### Task directions
Could you transcribe the entries below exactly, without any of the pictures?

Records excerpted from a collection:
◆ ◆ ◆ ◆
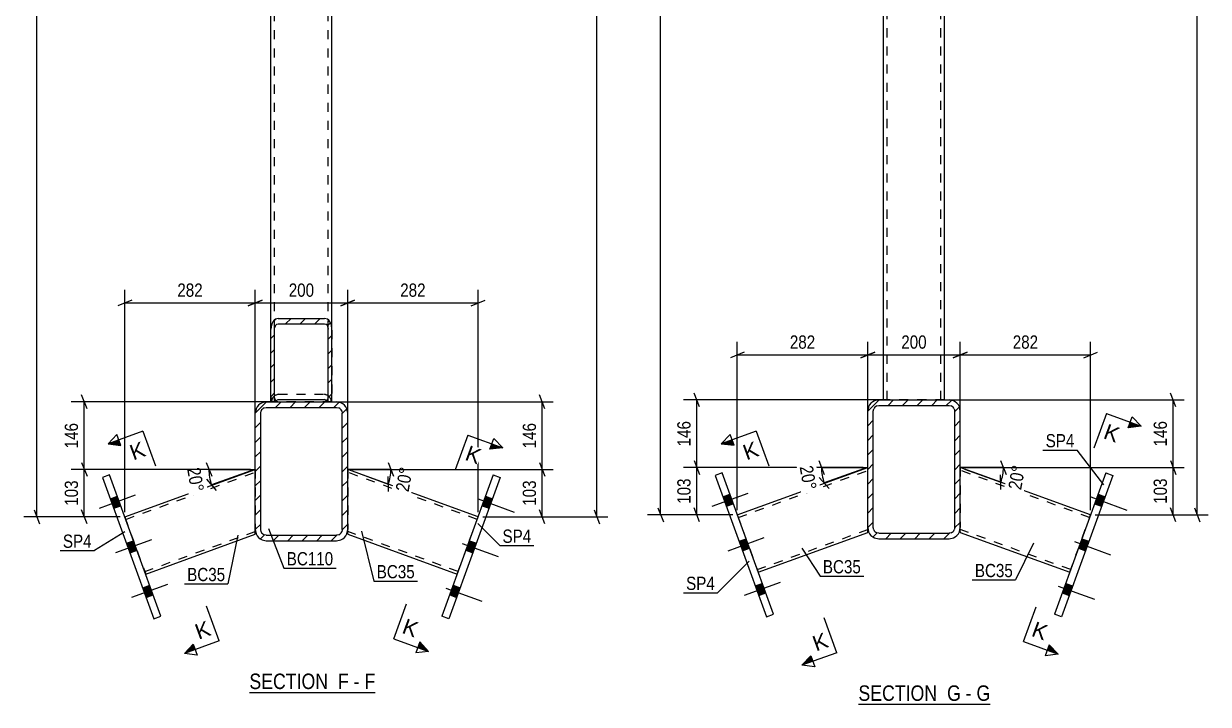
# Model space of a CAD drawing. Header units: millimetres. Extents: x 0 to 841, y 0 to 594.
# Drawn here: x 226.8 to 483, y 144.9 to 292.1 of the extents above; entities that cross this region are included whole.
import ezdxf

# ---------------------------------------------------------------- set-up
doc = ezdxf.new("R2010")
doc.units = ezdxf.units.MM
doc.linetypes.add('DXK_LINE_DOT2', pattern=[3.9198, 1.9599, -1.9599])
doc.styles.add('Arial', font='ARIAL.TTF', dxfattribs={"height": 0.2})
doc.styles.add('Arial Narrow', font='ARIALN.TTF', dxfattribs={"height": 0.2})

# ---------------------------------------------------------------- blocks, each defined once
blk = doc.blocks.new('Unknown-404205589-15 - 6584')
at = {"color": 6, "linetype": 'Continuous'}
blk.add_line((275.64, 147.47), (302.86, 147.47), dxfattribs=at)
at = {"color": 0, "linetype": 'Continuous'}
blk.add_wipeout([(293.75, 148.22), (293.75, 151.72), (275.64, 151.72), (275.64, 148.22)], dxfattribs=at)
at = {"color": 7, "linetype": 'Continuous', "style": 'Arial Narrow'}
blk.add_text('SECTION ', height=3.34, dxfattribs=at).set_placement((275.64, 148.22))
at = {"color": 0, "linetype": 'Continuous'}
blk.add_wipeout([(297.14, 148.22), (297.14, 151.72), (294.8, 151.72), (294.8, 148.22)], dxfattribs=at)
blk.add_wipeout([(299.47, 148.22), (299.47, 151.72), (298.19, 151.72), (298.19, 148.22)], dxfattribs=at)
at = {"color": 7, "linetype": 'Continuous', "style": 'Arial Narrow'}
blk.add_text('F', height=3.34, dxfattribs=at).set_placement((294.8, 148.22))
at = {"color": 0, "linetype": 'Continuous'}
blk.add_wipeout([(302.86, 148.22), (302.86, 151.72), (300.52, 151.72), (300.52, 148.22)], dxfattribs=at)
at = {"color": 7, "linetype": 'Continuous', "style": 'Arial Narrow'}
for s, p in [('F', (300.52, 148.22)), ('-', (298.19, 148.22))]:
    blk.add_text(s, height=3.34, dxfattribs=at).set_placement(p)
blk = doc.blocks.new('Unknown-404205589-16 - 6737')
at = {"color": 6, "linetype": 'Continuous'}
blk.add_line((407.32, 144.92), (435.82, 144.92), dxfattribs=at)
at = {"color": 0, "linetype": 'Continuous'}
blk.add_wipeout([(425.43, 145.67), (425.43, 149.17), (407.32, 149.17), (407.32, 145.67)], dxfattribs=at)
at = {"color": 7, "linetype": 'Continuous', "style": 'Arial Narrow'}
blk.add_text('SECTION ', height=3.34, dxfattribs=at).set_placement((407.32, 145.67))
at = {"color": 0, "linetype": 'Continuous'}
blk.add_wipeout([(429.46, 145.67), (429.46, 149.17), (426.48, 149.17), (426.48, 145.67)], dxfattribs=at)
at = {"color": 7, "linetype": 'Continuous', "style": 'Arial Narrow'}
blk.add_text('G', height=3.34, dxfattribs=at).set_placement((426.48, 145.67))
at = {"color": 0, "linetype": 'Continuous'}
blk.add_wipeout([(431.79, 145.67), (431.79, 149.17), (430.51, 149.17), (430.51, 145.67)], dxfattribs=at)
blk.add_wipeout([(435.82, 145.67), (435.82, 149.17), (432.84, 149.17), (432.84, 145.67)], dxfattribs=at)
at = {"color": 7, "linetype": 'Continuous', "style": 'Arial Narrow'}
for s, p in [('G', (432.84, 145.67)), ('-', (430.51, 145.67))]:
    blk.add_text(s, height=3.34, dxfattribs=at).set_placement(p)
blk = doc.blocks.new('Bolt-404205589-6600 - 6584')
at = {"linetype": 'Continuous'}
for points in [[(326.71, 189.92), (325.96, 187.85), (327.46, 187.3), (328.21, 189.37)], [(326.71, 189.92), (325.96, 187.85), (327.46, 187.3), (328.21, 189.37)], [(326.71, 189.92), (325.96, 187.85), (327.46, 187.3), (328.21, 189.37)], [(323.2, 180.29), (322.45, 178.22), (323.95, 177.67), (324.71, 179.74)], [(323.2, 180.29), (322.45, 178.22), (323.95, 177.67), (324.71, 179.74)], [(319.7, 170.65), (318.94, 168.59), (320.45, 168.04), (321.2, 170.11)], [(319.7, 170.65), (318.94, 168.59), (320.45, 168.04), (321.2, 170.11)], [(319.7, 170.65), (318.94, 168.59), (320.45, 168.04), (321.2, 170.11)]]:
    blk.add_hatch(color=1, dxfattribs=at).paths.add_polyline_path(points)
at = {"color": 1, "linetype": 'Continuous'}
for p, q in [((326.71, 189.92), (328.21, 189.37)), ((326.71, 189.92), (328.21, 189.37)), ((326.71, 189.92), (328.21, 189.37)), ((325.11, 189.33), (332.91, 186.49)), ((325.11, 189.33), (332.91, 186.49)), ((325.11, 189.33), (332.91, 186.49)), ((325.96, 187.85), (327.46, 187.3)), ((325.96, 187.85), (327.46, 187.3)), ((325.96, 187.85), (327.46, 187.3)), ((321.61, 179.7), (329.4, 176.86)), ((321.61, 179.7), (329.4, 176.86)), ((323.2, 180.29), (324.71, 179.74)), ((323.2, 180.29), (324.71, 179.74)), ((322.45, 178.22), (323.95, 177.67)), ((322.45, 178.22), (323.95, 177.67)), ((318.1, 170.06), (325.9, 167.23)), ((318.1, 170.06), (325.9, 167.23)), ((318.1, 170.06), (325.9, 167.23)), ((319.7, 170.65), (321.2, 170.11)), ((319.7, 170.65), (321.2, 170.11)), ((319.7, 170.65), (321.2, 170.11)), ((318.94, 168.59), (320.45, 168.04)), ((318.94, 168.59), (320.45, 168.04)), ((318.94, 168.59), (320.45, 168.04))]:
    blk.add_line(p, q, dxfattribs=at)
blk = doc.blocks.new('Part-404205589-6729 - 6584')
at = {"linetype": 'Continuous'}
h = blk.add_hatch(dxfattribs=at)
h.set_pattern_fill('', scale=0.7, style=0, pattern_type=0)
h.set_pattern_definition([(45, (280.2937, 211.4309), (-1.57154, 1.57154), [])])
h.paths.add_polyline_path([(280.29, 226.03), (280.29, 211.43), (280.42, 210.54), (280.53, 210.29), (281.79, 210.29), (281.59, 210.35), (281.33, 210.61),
◆ ◆ ◆ ◆
### Task answer
# Model space of a CAD drawing. Header units: millimetres. Extents: x 0 to 841, y 0 to 594.
# Drawn here: x 226.8 to 483, y 144.9 to 292.1 of the extents above; entities that cross this region are included whole.
import ezdxf

# ---------------------------------------------------------------- set-up
doc = ezdxf.new("R2010")
doc.units = ezdxf.units.MM
doc.linetypes.add('DXK_LINE_DOT2', pattern=[3.9198, 1.9599, -1.9599])
doc.styles.add('Arial', font='ARIAL.TTF', dxfattribs={"height": 0.2})
doc.styles.add('Arial Narrow', font='ARIALN.TTF', dxfattribs={"height": 0.2})

# ---------------------------------------------------------------- blocks, each defined once
blk = doc.blocks.new('Unknown-404205589-15 - 6584')
at = {"color": 6, "linetype": 'Continuous'}
blk.add_line((275.64, 147.47), (302.86, 147.47), dxfattribs=at)
at = {"color": 0, "linetype": 'Continuous'}
blk.add_wipeout([(293.75, 148.22), (293.75, 151.72), (275.64, 151.72), (275.64, 148.22)], dxfattribs=at)
at = {"color": 7, "linetype": 'Continuous', "style": 'Arial Narrow'}
blk.add_text('SECTION ', height=3.34, dxfattribs=at).set_placement((275.64, 148.22))
at = {"color": 0, "linetype": 'Continuous'}
blk.add_wipeout([(297.14, 148.22), (297.14, 151.72), (294.8, 151.72), (294.8, 148.22)], dxfattribs=at)
blk.add_wipeout([(299.47, 148.22), (299.47, 151.72), (298.19, 151.72), (298.19, 148.22)], dxfattribs=at)
at = {"color": 7, "linetype": 'Continuous', "style": 'Arial Narrow'}
blk.add_text('F', height=3.34, dxfattribs=at).set_placement((294.8, 148.22))
at = {"color": 0, "linetype": 'Continuous'}
blk.add_wipeout([(302.86, 148.22), (302.86, 151.72), (300.52, 151.72), (300.52, 148.22)], dxfattribs=at)
at = {"color": 7, "linetype": 'Continuous', "style": 'Arial Narrow'}
for s, p in [('F', (300.52, 148.22)), ('-', (298.19, 148.22))]:
    blk.add_text(s, height=3.34, dxfattribs=at).set_placement(p)
blk = doc.blocks.new('Unknown-404205589-16 - 6737')
at = {"color": 6, "linetype": 'Continuous'}
blk.add_line((407.32, 144.92), (435.82, 144.92), dxfattribs=at)
at = {"color": 0, "linetype": 'Continuous'}
blk.add_wipeout([(425.43, 145.67), (425.43, 149.17), (407.32, 149.17), (407.32, 145.67)], dxfattribs=at)
at = {"color": 7, "linetype": 'Continuous', "style": 'Arial Narrow'}
blk.add_text('SECTION ', height=3.34, dxfattribs=at).set_placement((407.32, 145.67))
at = {"color": 0, "linetype": 'Continuous'}
blk.add_wipeout([(429.46, 145.67), (429.46, 149.17), (426.48, 149.17), (426.48, 145.67)], dxfattribs=at)
at = {"color": 7, "linetype": 'Continuous', "style": 'Arial Narrow'}
blk.add_text('G', height=3.34, dxfattribs=at).set_placement((426.48, 145.67))
at = {"color": 0, "linetype": 'Continuous'}
blk.add_wipeout([(431.79, 145.67), (431.79, 149.17), (430.51, 149.17), (430.51, 145.67)], dxfattribs=at)
blk.add_wipeout([(435.82, 145.67), (435.82, 149.17), (432.84, 149.17), (432.84, 145.67)], dxfattribs=at)
at = {"color": 7, "linetype": 'Continuous', "style": 'Arial Narrow'}
for s, p in [('G', (432.84, 145.67)), ('-', (430.51, 145.67))]:
    blk.add_text(s, height=3.34, dxfattribs=at).set_placement(p)
blk = doc.blocks.new('Bolt-404205589-6600 - 6584')
at = {"linetype": 'Continuous'}
for points in [[(326.71, 189.92), (325.96, 187.85), (327.46, 187.3), (328.21, 189.37)], [(326.71, 189.92), (325.96, 187.85), (327.46, 187.3), (328.21, 189.37)], [(326.71, 189.92), (325.96, 187.85), (327.46, 187.3), (328.21, 189.37)], [(323.2, 180.29), (322.45, 178.22), (323.95, 177.67), (324.71, 179.74)], [(323.2, 180.29), (322.45, 178.22), (323.95, 177.67), (324.71, 179.74)], [(319.7, 170.65), (318.94, 168.59), (320.45, 168.04), (321.2, 170.11)], [(319.7, 170.65), (318.94, 168.59), (320.45, 168.04), (321.2, 170.11)], [(319.7, 170.65), (318.94, 168.59), (320.45, 168.04), (321.2, 170.11)]]:
    blk.add_hatch(color=1, dxfattribs=at).paths.add_polyline_path(points)
at = {"color": 1, "linetype": 'Continuous'}
for p, q in [((326.71, 189.92), (328.21, 189.37)), ((326.71, 189.92), (328.21, 189.37)), ((326.71, 189.92), (328.21, 189.37)), ((325.11, 189.33), (332.91, 186.49)), ((325.11, 189.33), (332.91, 186.49)), ((325.11, 189.33), (332.91, 186.49)), ((325.96, 187.85), (327.46, 187.3)), ((325.96, 187.85), (327.46, 187.3)), ((325.96, 187.85), (327.46, 187.3)), ((321.61, 179.7), (329.4, 176.86)), ((321.61, 179.7), (329.4, 176.86)), ((323.2, 180.29), (324.71, 179.74)), ((323.2, 180.29), (324.71, 179.74)), ((322.45, 178.22), (323.95, 177.67)), ((322.45, 178.22), (323.95, 177.67)), ((318.1, 170.06), (325.9, 167.23)), ((318.1, 170.06), (325.9, 167.23)), ((318.1, 170.06), (325.9, 167.23)), ((319.7, 170.65), (321.2, 170.11)), ((319.7, 170.65), (321.2, 170.11)), ((319.7, 170.65), (321.2, 170.11)), ((318.94, 168.59), (320.45, 168.04)), ((318.94, 168.59), (320.45, 168.04)), ((318.94, 168.59), (320.45, 168.04))]:
    blk.add_line(p, q, dxfattribs=at)
blk = doc.blocks.new('Part-404205589-6729 - 6584')
at = {"linetype": 'Continuous'}
h = blk.add_hatch(dxfattribs=at)
h.set_pattern_fill('', scale=0.7, style=0, pattern_type=0)
h.set_pattern_definition([(45, (280.2937, 211.4309), (-1.57154, 1.57154), [])])
h.paths.add_polyline_path([(280.29, 226.03), (280.29, 211.43), (280.42, 210.54), (280.53, 210.29), (281.79, 210.29), (281.59, 210.35), (281.33, 210.61),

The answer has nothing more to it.